[DATASET RECORDS]

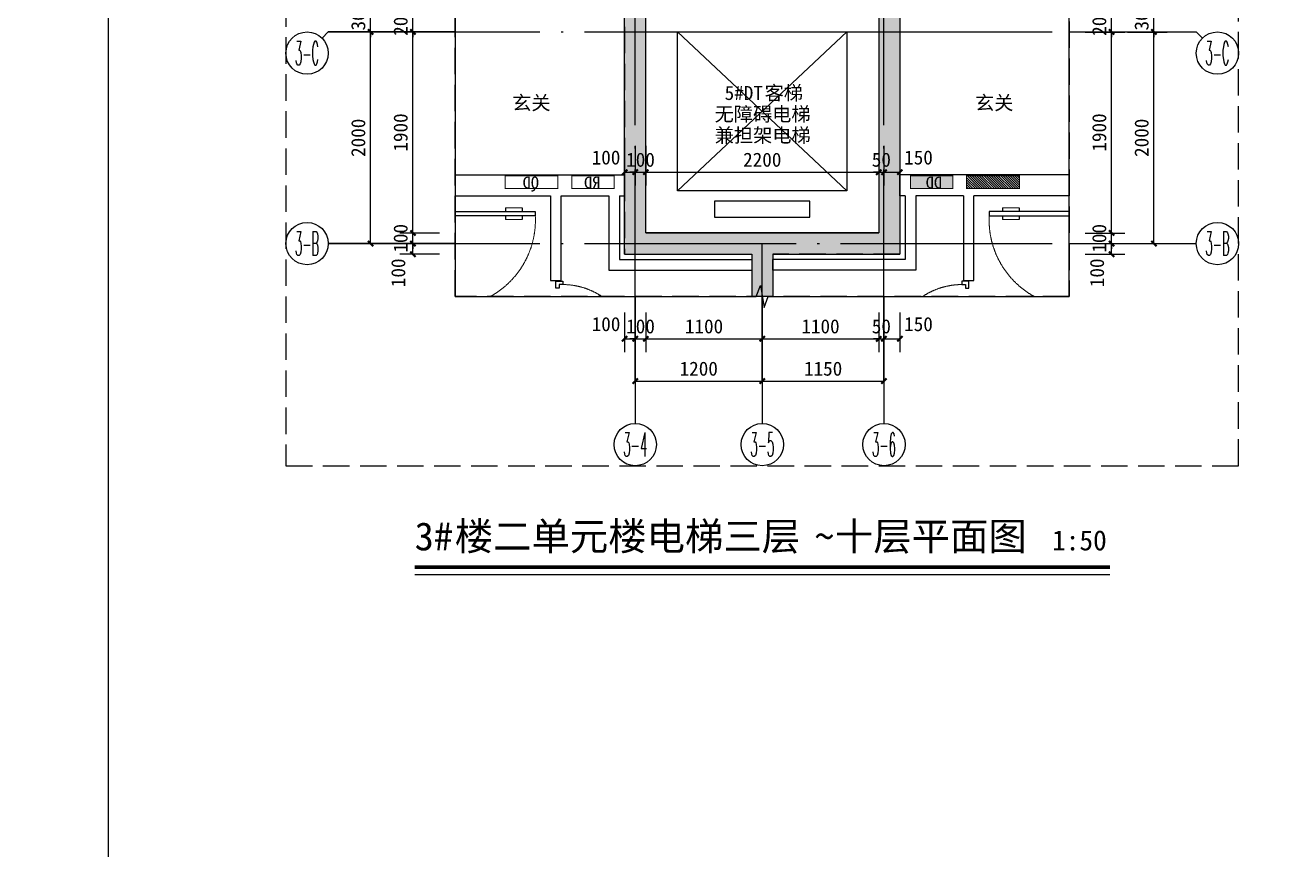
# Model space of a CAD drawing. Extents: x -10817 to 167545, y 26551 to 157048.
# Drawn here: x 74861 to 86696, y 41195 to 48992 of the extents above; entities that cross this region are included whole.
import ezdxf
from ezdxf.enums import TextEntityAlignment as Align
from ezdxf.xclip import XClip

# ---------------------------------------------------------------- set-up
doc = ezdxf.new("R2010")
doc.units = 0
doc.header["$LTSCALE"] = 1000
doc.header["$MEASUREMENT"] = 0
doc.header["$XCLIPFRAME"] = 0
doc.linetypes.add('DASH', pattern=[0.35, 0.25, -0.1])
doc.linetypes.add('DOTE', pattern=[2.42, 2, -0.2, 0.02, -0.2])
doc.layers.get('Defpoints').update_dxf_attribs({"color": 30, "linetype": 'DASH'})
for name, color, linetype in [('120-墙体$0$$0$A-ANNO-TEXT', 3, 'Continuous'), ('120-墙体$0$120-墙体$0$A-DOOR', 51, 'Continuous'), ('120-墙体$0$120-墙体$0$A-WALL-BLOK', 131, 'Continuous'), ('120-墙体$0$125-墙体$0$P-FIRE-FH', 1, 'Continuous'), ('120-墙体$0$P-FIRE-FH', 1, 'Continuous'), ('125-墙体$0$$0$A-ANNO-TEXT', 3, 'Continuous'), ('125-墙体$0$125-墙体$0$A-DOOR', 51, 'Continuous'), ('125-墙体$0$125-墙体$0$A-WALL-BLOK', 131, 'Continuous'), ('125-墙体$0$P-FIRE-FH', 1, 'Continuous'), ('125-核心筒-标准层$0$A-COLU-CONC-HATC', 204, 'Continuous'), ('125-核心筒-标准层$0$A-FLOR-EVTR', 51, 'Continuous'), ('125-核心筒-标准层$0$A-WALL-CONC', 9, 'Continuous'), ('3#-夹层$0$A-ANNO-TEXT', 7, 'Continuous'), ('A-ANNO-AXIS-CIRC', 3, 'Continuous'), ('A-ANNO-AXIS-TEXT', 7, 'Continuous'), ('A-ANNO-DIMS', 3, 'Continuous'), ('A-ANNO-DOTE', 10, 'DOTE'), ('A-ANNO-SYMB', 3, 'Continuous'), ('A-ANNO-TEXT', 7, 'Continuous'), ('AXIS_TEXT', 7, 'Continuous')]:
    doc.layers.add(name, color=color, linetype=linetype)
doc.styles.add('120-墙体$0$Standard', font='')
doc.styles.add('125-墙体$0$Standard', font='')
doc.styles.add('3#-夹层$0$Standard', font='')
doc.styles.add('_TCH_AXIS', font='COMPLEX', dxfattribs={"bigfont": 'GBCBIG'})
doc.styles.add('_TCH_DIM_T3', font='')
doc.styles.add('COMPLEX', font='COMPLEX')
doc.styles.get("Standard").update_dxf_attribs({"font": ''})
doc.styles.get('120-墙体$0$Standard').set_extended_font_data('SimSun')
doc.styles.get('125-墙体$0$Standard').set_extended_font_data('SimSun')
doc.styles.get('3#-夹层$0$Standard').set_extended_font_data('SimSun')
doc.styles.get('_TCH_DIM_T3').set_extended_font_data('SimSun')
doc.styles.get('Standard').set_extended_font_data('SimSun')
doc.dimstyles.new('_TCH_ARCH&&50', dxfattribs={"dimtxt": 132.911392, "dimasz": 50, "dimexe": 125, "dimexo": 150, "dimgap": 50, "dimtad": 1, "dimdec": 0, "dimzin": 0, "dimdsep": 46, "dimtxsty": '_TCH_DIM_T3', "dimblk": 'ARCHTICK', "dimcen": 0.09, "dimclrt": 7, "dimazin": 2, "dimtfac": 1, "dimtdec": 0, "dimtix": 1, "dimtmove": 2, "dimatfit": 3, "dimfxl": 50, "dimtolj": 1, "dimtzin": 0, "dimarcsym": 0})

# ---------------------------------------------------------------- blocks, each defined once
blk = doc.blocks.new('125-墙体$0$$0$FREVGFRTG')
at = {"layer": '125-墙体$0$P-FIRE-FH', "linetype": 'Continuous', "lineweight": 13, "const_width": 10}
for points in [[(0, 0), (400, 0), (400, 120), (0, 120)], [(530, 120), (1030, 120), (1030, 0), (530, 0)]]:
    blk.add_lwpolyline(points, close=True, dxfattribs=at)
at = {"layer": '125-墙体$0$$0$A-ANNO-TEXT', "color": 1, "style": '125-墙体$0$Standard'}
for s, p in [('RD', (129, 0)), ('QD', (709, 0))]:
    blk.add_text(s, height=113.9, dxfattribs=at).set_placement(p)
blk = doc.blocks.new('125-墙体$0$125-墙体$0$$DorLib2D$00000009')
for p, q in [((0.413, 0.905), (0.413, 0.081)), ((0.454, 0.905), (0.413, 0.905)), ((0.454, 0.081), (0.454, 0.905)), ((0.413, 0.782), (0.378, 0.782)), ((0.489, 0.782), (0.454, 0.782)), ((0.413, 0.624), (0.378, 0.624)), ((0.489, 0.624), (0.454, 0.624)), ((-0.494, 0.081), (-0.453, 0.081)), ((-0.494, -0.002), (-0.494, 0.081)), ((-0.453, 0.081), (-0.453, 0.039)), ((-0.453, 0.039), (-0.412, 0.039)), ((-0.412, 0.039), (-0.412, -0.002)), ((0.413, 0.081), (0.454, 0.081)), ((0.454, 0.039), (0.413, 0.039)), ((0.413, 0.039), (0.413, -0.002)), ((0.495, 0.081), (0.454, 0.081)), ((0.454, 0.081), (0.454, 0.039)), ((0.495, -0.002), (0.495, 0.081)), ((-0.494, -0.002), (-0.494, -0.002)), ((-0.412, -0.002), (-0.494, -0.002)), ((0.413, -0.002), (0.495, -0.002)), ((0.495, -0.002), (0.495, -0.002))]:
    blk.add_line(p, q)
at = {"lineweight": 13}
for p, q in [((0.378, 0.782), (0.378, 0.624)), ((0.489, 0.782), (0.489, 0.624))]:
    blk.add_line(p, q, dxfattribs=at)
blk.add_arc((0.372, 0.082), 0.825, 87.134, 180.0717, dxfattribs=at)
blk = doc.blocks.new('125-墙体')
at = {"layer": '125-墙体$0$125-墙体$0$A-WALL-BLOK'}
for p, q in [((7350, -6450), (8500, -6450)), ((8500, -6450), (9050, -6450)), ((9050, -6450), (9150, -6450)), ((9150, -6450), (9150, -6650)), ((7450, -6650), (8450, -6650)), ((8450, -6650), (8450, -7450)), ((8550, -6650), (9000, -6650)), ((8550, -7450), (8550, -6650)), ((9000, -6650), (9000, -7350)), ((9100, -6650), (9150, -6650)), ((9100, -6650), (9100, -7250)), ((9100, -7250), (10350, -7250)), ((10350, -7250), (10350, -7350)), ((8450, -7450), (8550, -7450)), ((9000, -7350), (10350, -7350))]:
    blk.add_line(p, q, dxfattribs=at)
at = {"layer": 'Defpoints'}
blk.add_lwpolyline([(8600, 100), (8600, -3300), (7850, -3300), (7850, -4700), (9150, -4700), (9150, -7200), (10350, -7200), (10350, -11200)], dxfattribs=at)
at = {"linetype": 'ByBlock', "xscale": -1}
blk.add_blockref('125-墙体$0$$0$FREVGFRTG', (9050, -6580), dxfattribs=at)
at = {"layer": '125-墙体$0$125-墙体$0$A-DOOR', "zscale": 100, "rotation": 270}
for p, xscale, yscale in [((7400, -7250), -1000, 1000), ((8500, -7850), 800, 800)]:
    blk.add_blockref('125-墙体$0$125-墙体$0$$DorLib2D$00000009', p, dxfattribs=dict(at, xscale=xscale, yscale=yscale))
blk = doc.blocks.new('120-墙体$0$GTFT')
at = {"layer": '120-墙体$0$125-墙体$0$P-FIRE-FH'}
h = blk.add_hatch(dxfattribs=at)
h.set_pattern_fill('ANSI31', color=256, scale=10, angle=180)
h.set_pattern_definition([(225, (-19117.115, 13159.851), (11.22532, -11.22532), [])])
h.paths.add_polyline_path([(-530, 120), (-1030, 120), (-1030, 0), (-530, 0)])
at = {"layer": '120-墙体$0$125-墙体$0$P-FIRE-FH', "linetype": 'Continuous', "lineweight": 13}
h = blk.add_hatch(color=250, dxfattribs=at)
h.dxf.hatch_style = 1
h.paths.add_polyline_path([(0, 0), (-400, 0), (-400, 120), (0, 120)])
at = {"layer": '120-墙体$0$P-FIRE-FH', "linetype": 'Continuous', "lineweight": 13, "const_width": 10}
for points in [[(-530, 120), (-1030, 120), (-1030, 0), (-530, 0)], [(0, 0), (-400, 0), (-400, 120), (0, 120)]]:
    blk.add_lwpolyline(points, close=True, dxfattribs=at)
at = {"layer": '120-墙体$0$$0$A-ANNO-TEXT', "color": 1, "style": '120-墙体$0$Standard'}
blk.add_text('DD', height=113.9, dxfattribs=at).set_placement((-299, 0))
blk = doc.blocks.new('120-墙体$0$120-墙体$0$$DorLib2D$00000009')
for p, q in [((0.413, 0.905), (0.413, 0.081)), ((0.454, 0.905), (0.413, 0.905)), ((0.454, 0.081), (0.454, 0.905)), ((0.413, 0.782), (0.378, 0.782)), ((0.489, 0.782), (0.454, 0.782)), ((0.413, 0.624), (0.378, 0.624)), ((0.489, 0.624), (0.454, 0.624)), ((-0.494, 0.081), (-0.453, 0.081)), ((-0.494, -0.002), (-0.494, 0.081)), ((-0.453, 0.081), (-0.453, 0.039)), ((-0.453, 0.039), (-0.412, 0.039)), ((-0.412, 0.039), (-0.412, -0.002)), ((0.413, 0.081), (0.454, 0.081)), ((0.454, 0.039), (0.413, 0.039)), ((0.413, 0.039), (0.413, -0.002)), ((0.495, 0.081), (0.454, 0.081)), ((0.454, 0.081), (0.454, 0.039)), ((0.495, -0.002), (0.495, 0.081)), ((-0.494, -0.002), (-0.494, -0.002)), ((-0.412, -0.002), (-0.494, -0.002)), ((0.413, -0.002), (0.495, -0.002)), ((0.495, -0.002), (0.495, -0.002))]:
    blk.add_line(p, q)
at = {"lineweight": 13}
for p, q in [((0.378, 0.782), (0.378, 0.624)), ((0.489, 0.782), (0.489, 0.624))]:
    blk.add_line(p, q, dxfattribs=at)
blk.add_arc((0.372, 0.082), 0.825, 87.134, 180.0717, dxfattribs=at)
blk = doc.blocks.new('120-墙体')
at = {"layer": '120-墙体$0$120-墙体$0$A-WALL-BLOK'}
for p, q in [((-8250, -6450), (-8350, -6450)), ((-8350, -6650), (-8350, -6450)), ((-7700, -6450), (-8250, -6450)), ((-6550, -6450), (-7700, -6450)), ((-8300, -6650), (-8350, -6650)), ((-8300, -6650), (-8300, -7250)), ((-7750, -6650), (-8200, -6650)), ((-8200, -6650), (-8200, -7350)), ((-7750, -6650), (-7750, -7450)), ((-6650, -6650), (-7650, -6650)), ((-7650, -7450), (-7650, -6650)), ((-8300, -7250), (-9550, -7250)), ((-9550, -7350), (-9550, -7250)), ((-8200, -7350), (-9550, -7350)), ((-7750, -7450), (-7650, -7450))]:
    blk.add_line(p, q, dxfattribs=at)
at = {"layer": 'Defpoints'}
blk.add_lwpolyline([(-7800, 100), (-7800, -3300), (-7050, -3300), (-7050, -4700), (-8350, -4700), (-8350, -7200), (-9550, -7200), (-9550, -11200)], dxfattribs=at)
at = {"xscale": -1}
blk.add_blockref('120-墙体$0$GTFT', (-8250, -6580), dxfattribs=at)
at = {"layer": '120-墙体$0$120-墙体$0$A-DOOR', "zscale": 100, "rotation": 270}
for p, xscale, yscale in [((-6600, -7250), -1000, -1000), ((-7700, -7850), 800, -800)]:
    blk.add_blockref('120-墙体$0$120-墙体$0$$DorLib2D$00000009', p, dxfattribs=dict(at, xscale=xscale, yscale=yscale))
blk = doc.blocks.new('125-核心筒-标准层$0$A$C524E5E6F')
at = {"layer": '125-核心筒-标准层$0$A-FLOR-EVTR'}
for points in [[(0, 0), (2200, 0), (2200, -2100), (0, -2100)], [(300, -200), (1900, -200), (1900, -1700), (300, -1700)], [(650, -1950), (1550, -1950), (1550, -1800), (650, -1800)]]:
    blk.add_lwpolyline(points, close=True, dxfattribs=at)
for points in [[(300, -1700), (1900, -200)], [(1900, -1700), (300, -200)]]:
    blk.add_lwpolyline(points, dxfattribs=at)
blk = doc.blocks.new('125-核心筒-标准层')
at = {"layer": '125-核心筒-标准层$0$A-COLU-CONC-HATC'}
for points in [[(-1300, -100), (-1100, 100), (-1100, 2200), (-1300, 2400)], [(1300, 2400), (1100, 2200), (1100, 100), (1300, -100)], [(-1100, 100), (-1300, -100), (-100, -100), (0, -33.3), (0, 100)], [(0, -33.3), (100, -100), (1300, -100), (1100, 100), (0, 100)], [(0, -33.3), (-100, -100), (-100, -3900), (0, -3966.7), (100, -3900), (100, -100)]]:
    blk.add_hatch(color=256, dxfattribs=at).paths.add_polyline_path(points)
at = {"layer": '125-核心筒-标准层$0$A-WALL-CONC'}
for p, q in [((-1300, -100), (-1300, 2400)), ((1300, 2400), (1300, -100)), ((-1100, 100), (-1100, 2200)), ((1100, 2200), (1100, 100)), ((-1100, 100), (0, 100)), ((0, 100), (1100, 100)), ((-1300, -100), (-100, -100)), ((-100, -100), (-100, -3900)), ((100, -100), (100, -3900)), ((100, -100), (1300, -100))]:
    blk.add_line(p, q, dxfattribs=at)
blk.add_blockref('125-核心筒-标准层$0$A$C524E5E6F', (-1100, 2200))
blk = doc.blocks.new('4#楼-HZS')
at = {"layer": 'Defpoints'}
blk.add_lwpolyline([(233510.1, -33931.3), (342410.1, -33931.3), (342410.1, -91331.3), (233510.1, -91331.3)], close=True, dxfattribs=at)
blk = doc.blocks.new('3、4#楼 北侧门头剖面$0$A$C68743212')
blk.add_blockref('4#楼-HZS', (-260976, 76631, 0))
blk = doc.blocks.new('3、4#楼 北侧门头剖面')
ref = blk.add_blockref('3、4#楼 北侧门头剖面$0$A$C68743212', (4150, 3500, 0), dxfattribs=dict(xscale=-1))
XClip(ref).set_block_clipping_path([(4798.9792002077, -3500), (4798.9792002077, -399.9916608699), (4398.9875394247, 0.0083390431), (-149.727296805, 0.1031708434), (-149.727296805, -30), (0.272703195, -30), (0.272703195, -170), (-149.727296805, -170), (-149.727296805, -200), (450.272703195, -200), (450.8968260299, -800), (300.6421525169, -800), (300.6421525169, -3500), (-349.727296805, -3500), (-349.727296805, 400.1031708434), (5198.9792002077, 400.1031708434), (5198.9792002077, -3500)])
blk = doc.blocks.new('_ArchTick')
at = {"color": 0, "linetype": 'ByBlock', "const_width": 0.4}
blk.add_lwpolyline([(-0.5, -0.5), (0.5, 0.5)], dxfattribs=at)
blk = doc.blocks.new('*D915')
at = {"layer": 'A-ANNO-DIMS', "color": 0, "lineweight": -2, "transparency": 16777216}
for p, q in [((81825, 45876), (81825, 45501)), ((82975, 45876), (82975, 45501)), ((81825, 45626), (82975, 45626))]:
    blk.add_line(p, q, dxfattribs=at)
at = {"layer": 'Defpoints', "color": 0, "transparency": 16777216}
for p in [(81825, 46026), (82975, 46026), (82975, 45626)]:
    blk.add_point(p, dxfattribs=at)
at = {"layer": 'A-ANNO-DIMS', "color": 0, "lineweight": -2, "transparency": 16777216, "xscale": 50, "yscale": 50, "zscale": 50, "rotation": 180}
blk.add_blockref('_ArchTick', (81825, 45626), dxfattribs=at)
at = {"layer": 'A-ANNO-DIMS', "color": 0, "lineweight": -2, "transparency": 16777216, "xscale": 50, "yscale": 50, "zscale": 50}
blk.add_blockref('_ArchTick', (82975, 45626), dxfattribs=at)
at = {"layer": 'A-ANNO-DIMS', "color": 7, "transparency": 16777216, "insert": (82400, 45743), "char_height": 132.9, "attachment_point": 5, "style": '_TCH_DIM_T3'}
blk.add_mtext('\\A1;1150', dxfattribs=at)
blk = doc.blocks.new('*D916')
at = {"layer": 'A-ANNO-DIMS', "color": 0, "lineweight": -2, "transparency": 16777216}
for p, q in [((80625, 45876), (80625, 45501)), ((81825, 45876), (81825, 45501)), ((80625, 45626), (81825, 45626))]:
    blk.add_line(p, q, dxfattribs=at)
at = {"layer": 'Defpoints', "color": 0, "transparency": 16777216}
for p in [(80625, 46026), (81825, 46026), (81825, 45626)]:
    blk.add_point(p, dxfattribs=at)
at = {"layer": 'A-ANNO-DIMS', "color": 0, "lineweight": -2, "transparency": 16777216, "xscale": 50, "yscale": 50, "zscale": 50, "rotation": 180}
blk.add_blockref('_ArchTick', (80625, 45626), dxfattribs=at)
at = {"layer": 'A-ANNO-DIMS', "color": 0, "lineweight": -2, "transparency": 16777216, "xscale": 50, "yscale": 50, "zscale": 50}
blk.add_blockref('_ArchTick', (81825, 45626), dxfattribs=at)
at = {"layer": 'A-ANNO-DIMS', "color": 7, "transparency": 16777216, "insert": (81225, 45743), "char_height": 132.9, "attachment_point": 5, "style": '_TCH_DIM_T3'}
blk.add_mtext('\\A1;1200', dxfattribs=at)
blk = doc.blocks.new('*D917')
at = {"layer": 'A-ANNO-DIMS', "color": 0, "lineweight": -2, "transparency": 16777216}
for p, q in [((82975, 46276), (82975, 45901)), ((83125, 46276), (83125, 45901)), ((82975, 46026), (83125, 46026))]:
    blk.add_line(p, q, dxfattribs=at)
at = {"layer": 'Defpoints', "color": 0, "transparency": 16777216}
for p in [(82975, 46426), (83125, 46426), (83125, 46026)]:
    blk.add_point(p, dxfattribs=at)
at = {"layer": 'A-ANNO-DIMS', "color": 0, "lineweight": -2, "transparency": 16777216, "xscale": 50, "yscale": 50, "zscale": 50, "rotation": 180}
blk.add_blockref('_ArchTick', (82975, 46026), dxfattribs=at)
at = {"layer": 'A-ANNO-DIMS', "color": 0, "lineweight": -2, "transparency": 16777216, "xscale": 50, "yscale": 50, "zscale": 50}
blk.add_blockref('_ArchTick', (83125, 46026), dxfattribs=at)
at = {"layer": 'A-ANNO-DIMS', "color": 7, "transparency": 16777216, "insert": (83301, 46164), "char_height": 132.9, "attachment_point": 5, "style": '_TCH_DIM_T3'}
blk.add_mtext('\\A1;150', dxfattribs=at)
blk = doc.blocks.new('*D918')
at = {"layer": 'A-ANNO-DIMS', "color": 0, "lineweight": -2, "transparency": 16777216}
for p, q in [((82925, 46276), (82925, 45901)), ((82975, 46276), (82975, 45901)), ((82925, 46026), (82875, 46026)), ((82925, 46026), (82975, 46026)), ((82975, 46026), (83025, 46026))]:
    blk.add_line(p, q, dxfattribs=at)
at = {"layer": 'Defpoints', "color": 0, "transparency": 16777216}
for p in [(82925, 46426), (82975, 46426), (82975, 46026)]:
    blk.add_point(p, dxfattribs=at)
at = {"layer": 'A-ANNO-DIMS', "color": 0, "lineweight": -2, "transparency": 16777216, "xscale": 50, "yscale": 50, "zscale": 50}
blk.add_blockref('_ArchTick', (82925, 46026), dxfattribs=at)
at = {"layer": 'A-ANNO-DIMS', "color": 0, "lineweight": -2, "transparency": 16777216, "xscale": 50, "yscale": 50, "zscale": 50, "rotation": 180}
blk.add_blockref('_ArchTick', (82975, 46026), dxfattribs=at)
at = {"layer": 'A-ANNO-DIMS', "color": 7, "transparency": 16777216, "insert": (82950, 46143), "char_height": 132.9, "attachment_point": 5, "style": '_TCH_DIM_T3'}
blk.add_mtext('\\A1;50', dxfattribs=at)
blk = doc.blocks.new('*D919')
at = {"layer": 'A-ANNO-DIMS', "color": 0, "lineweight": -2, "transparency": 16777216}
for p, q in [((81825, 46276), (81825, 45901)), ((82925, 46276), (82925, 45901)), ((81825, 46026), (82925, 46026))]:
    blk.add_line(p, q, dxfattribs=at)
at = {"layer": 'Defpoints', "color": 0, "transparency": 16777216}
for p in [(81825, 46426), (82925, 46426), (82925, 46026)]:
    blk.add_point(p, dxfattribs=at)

[/DATASET RECORDS]

**WHAT YOU HAVE TO DO:** In the entries above, find the line holding "(9050, -6580), dxfattribs=at)" and the line holding "blk = doc.blocks.new('120-墙体$0$120-墙体$0$$DorLib2D$00000009')"; print both of them and every line between, exactly, and nothing else.

**REPLY TO THE EXERCISE:**
blk.add_blockref('125-墙体$0$$0$FREVGFRTG', (9050, -6580), dxfattribs=at)
at = {"layer": '125-墙体$0$125-墙体$0$A-DOOR', "zscale": 100, "rotation": 270}
for p, xscale, yscale in [((7400, -7250), -1000, 1000), ((8500, -7850), 800, 800)]:
    blk.add_blockref('125-墙体$0$125-墙体$0$$DorLib2D$00000009', p, dxfattribs=dict(at, xscale=xscale, yscale=yscale))
blk = doc.blocks.new('120-墙体$0$GTFT')
at = {"layer": '120-墙体$0$125-墙体$0$P-FIRE-FH'}
h = blk.add_hatch(dxfattribs=at)
h.set_pattern_fill('ANSI31', color=256, scale=10, angle=180)
h.set_pattern_definition([(225, (-19117.115, 13159.851), (11.22532, -11.22532), [])])
h.paths.add_polyline_path([(-530, 120), (-1030, 120), (-1030, 0), (-530, 0)])
at = {"layer": '120-墙体$0$125-墙体$0$P-FIRE-FH', "linetype": 'Continuous', "lineweight": 13}
h = blk.add_hatch(color=250, dxfattribs=at)
h.dxf.hatch_style = 1
h.paths.add_polyline_path([(0, 0), (-400, 0), (-400, 120), (0, 120)])
at = {"layer": '120-墙体$0$P-FIRE-FH', "linetype": 'Continuous', "lineweight": 13, "const_width": 10}
for points in [[(-530, 120), (-1030, 120), (-1030, 0), (-530, 0)], [(0, 0), (-400, 0), (-400, 120), (0, 120)]]:
    blk.add_lwpolyline(points, close=True, dxfattribs=at)
at = {"layer": '120-墙体$0$$0$A-ANNO-TEXT', "color": 1, "style": '120-墙体$0$Standard'}
blk.add_text('DD', height=113.9, dxfattribs=at).set_placement((-299, 0))
blk = doc.blocks.new('120-墙体$0$120-墙体$0$$DorLib2D$00000009')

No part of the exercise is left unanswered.